Badania naukowe nad właściwościami śluzu rozpoczęto już w XIX wieku, jednak przerwano i dopiero pod koniec XX wieku zaczęto wykorzystywać go, jako składnik kosmetyków. Świat medycyny i kosmetyki odkrył go na nowo w latach 80. ubiegłego wieku. Jak często bywa w tego typu kwestiach, zadecydował przypadek.
Na farmie w pana Bascunan w Chile, na której hodowano ślimaki z gatunku Helix Aspersa Muller, praca była ciężka i wymagająca, bo nie używano żadnych maszyn. Mimo tego dłonie hodowcy były miękkie i gładkie, a przecięty naskórek następnego dnia wyglądał jak nowy. Ojcu zaczął pomagać młodszy syn, po kilku dniach ciągłego kontaktu ze ślimaczym śluzem stare blizny na jego dłoniach zaczęły stopniowo znikać. Sprawą zainteresował się najstarszy syn hodowcy, Fernando Bascunan Ygualt, z zawodu lekarz. Zapoczątkowane przez niego na nowo badania udowodniły, że wyciąg ze śluzu ślimaków ma niezwykłe i cenne właściwości. W 2006 roku standaryzowany ekstrakt ze śluzu ślimaka wpisany został do rejestrów International Nomenclature of Cosmetic Ingredients (INCI) jako snail secretion filtrate.
W Polsce badań nad śluzem ślimaka podjęła się spółka z Elbląga Polish Snail Holding. Spółka naukowców PSH prowadzi badania we współpracy z Instytutem Biotechnologicznym Uniwersytetu Gdańskiego. PSH od ponad dziesięciu lat zajmuje się hodowlą ślimaków, przetwórstwem mięsa z nich oraz badaniami w kierunku składu i właściwości śluzu ze ślimaków. Jak dotąd specjaliści badając śluz, udowodnili właściwości wydzieliny ze ślimaków, okazało się, że wyprodukowane przez nich serum na bazie śluzu, wyraźnie łagodzi dolegliwości skórne po goleniu, działa korzystnie w przypadku atopowego zapalenia skóry, a także łagodząco w przypadku trądziku skórnego. Warto również dodać, iż naukowcy z Polish Snail Holding opracowali specjalną technologię przemysłowego otrzymywania śluzu ze ślimaków, która pozwala na pozyskanie produktu bez strat najcenniejszych składników aktywnych.

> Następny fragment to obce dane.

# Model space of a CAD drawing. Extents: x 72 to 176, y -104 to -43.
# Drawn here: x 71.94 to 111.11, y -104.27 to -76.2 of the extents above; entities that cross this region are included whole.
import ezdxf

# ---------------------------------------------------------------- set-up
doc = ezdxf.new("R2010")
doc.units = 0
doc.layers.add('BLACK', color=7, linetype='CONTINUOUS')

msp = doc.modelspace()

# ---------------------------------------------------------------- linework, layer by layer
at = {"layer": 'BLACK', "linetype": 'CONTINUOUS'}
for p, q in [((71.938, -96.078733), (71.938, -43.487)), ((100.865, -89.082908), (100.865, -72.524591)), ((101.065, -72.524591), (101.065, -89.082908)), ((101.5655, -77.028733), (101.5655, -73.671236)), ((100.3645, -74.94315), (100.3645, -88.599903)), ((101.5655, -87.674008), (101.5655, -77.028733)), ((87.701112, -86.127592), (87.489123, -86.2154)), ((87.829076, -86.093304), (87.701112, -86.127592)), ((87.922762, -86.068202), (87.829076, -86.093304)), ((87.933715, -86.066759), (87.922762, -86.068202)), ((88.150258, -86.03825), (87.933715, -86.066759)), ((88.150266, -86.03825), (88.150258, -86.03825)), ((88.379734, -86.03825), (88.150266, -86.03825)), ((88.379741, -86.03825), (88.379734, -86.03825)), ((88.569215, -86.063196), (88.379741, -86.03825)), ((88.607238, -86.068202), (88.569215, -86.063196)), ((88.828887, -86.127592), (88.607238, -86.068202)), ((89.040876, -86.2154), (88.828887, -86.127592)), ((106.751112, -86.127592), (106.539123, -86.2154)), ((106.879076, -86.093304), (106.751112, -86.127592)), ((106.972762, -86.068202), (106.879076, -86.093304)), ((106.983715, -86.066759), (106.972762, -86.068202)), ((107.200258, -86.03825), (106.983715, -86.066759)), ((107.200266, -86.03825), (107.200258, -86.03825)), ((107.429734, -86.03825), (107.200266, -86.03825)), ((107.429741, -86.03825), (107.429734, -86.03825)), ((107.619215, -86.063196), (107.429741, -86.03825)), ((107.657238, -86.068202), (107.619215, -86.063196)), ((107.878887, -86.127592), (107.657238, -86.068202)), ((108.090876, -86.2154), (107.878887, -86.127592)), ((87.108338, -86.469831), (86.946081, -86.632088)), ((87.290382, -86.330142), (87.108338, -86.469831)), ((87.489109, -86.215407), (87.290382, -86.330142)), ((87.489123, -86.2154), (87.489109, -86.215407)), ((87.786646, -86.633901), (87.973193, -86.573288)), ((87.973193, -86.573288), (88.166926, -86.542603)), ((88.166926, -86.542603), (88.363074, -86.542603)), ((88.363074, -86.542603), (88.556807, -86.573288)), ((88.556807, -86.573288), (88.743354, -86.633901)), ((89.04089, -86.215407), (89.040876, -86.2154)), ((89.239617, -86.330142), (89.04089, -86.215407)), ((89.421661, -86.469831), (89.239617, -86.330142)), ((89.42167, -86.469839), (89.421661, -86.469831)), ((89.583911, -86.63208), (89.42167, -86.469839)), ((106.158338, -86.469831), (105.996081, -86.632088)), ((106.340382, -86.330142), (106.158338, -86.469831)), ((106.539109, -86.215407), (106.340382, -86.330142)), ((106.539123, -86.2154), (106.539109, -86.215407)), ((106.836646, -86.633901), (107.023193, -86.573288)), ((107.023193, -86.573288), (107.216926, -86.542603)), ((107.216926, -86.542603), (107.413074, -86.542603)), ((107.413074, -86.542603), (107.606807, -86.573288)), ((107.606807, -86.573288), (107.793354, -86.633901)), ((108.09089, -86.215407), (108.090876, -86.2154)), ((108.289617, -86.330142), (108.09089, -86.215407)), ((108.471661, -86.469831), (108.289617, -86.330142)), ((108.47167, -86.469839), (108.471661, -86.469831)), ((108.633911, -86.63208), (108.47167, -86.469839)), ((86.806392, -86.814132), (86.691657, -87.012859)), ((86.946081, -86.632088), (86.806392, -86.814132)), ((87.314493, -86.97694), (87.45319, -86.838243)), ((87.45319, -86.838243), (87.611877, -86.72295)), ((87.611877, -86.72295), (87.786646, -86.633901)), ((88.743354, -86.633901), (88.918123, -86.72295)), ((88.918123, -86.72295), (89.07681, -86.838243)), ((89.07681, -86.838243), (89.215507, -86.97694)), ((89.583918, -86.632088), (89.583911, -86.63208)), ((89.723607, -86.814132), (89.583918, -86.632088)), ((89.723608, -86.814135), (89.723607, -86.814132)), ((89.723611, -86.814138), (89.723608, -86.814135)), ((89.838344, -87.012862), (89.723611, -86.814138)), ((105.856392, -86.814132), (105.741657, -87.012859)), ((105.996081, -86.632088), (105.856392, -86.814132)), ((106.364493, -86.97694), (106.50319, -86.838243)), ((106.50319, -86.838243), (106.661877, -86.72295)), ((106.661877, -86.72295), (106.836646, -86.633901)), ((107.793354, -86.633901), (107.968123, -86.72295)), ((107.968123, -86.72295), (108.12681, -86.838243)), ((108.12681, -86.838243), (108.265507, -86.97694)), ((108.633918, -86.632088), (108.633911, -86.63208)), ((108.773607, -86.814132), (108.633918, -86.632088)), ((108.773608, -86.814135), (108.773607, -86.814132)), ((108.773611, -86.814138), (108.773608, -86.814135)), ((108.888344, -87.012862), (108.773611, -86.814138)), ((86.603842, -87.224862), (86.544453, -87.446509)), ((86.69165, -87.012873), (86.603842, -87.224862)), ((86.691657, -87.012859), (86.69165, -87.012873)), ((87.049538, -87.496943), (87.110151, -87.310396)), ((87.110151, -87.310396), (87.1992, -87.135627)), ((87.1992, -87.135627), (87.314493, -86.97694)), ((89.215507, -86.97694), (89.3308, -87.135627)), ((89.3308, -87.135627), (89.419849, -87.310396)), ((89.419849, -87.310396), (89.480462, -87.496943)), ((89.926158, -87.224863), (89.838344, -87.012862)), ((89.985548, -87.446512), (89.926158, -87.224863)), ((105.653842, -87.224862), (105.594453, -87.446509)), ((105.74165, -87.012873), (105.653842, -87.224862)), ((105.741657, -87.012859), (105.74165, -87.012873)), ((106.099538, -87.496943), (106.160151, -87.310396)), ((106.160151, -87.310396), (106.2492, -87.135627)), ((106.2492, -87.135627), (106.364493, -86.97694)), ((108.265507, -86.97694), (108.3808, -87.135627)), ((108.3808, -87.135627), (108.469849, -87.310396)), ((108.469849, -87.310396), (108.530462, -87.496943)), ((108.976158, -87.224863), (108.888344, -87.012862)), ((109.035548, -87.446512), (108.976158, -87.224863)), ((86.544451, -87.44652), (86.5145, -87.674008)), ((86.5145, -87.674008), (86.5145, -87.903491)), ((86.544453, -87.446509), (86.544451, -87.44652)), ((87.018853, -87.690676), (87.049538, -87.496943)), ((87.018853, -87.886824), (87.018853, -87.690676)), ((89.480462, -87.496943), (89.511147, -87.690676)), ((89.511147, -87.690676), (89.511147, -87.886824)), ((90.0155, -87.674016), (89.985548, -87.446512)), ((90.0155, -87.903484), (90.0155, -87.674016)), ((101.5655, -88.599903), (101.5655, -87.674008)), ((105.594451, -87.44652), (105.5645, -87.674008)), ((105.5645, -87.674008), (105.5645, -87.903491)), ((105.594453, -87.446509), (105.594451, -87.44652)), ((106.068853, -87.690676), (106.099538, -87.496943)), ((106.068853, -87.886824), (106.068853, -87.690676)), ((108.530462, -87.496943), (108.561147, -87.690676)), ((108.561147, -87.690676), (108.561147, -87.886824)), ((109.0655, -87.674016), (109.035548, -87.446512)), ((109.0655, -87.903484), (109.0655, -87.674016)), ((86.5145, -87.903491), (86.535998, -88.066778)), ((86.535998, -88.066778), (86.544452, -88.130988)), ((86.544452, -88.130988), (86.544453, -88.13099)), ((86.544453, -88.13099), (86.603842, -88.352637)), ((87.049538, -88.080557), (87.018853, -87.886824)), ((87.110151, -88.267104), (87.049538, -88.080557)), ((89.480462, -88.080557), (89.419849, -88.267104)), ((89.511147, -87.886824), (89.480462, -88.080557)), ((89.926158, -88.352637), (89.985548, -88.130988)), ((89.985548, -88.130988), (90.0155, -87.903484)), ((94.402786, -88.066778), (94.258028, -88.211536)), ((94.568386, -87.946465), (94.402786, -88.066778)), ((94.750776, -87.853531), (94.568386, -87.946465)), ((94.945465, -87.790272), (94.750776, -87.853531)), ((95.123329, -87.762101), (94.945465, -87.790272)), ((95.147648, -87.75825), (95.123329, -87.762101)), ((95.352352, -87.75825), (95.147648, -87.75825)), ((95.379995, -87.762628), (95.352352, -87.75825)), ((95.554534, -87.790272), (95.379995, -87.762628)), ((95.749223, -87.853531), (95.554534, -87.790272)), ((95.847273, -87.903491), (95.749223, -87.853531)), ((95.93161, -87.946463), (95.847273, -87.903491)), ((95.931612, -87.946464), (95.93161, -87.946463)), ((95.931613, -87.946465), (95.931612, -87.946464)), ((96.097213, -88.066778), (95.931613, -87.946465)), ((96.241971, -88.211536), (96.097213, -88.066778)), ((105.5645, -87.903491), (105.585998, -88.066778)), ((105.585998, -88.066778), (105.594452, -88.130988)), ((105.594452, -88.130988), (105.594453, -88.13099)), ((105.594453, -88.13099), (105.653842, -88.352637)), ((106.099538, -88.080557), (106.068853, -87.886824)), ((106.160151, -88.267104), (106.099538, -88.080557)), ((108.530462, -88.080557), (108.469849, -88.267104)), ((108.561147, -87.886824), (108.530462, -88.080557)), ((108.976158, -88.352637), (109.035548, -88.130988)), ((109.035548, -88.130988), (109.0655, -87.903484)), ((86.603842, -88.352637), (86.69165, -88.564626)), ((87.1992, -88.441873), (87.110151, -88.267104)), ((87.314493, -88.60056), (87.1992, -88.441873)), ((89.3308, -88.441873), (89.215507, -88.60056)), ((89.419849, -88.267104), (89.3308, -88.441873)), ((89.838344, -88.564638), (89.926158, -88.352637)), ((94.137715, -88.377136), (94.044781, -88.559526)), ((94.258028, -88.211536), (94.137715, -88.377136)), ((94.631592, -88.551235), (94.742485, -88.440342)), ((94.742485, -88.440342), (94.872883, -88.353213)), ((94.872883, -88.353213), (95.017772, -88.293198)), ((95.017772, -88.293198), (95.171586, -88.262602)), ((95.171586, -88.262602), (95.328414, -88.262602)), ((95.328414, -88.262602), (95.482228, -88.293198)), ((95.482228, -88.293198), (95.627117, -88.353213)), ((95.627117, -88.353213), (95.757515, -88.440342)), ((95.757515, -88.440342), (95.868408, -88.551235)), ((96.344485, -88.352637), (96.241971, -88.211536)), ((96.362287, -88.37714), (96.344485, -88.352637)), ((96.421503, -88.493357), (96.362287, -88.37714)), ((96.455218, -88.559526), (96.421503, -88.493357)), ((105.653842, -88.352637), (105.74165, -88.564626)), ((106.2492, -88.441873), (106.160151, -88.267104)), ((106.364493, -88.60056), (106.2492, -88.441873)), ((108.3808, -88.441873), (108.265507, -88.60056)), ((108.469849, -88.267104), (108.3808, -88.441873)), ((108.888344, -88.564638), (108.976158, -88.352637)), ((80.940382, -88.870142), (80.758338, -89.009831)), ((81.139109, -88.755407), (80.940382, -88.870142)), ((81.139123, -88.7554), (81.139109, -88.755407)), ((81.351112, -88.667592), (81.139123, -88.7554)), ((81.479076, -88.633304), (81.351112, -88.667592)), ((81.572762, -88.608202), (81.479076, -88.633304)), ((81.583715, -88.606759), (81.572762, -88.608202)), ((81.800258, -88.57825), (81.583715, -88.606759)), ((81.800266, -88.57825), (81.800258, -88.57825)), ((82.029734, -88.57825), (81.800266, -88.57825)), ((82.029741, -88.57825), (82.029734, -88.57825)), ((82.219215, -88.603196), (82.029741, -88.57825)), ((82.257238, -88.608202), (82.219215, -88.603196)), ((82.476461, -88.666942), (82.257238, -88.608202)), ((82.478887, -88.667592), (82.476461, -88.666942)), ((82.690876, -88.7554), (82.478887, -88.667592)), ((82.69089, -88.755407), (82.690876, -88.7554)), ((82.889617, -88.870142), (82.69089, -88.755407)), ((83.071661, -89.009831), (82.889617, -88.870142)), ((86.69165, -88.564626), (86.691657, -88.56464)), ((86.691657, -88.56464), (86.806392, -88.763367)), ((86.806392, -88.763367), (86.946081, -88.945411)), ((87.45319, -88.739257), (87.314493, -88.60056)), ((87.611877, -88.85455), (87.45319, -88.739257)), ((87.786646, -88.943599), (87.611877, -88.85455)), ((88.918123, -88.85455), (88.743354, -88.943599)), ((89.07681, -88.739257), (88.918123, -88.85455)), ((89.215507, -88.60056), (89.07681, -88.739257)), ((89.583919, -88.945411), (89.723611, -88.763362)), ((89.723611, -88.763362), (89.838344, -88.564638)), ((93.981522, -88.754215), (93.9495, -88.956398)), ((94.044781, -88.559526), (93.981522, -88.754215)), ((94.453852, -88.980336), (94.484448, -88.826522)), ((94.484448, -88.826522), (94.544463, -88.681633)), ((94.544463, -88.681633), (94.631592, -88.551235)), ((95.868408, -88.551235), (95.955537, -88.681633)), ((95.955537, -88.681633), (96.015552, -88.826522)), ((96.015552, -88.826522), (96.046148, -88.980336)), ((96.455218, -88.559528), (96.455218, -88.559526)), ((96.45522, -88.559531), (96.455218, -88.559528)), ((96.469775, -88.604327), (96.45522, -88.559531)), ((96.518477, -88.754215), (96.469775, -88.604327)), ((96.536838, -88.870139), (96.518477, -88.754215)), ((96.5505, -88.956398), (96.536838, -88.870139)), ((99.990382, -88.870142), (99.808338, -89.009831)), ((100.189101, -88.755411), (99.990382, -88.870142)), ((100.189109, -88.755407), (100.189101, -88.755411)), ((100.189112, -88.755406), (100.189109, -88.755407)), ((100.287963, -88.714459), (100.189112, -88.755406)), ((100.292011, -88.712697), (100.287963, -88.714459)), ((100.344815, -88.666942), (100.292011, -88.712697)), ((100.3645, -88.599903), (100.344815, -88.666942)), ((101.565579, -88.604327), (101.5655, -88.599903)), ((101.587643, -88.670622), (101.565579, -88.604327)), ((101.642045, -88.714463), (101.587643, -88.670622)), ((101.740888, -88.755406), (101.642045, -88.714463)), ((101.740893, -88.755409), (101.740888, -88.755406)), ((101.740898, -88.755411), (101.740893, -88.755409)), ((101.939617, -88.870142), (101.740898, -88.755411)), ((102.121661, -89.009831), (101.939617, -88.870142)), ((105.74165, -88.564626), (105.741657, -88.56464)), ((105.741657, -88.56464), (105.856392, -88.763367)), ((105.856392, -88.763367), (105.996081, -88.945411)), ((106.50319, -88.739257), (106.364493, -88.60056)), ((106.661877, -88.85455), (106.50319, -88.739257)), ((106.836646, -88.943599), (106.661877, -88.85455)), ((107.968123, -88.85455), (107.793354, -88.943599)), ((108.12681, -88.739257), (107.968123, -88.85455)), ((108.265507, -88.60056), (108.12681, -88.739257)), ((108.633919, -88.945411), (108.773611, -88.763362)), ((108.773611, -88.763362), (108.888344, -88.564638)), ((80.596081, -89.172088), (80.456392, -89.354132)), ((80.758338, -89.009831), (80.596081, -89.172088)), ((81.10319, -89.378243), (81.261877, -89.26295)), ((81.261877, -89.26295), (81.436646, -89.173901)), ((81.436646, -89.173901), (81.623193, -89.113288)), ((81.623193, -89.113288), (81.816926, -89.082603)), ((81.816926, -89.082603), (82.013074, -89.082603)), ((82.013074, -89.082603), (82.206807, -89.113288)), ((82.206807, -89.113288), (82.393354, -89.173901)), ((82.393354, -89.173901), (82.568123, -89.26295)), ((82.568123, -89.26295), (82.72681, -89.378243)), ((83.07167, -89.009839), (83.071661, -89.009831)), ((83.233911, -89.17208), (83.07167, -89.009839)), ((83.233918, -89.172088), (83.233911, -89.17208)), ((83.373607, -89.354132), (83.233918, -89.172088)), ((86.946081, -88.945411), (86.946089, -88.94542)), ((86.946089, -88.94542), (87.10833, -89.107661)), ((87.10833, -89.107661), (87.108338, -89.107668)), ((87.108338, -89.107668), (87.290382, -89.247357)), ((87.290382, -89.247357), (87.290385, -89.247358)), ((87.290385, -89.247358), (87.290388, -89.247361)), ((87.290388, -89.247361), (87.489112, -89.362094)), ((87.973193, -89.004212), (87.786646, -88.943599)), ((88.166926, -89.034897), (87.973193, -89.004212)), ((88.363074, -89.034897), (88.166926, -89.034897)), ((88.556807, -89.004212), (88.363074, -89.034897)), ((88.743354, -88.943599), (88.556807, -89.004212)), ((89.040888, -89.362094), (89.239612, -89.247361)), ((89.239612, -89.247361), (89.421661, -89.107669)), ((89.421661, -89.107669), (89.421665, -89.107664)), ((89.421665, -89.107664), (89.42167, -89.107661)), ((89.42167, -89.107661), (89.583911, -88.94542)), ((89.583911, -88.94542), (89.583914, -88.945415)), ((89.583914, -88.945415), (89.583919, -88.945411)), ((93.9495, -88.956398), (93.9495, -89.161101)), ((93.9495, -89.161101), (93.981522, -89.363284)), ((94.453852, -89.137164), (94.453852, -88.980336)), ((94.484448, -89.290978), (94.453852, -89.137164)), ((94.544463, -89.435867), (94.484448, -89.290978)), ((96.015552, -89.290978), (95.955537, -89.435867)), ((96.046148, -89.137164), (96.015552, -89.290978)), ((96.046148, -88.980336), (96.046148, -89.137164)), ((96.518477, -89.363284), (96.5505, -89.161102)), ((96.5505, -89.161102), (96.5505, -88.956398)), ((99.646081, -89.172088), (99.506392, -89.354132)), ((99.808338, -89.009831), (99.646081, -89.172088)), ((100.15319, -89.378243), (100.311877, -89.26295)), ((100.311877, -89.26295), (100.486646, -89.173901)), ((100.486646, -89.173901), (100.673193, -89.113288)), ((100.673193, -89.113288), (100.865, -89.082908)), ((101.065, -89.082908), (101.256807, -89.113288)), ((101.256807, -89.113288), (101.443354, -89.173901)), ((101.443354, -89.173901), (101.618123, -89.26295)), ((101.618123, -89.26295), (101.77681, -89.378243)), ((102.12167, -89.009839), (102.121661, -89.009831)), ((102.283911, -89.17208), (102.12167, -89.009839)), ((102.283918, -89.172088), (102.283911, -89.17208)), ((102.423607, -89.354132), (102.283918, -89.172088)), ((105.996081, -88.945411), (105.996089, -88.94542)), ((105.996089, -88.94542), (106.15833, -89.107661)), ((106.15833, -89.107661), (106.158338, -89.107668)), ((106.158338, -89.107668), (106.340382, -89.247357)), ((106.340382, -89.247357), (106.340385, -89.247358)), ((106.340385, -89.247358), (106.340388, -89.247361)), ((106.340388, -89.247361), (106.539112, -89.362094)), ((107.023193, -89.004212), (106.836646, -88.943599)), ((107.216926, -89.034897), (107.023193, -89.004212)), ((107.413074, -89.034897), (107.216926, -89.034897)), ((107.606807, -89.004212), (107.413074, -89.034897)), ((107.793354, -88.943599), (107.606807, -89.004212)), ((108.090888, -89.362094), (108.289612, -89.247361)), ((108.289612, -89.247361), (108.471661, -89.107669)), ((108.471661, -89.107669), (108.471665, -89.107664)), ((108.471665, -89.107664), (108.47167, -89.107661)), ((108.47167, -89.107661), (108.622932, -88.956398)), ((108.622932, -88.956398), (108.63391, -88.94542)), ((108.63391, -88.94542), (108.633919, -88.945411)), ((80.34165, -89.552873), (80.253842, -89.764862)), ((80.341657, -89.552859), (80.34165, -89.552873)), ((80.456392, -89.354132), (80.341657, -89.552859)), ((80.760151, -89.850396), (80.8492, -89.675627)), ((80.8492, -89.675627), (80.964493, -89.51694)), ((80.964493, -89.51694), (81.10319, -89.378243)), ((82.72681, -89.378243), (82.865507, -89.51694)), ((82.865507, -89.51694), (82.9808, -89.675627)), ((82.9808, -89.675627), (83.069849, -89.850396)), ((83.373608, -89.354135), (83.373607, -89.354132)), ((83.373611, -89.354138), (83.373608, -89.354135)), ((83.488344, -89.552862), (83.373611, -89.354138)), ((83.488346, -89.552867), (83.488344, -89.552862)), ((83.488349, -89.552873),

Co cennego zawiera śluz ślimaka?
Badacze zgłębiający tajemnice jego składu odkryli, że zawiera on mnóstwo substancji o udowodnionym działaniu pielęgnacyjnym i leczniczym, w bardzo korzystnych dla skóry proporcjach. Cztery najważniejsze to elastyna, kolagen, kwas glikolowy i alantoina. W kryptozynie są także przeciwutleniacze, witaminy, oligoelementy, proteiny o różnych masach cząsteczkowych, antyproteazy, mukopolisacharydy (organiczne związki chemiczne z grupy glikozaminoglikanów). Zawiera on także naturalne antybiotyki, skuteczne m.in. przeciw bakteriom Eschrichia Coli, Staphylococcus Aureus i Pseudomona Aeruginosa, które najczęściej występują w przebiegu infekcji skórnych. W śluzie są też glikokoniugaty, czyli czynniki wzrostu aktywności fibroblastów (komórek skóry), co ma bezpośredni wpływ na funkcje skóry: zwiększa ilość fibroblastów, stymuluje proces syntezy nowego kolagenu, zapewnia odpowiedni poziom kwasu hialuronowego, ułatwia też migrowanie keratynocytów, co przyczynia się do szybszego gojenia ran i uszkodzeń.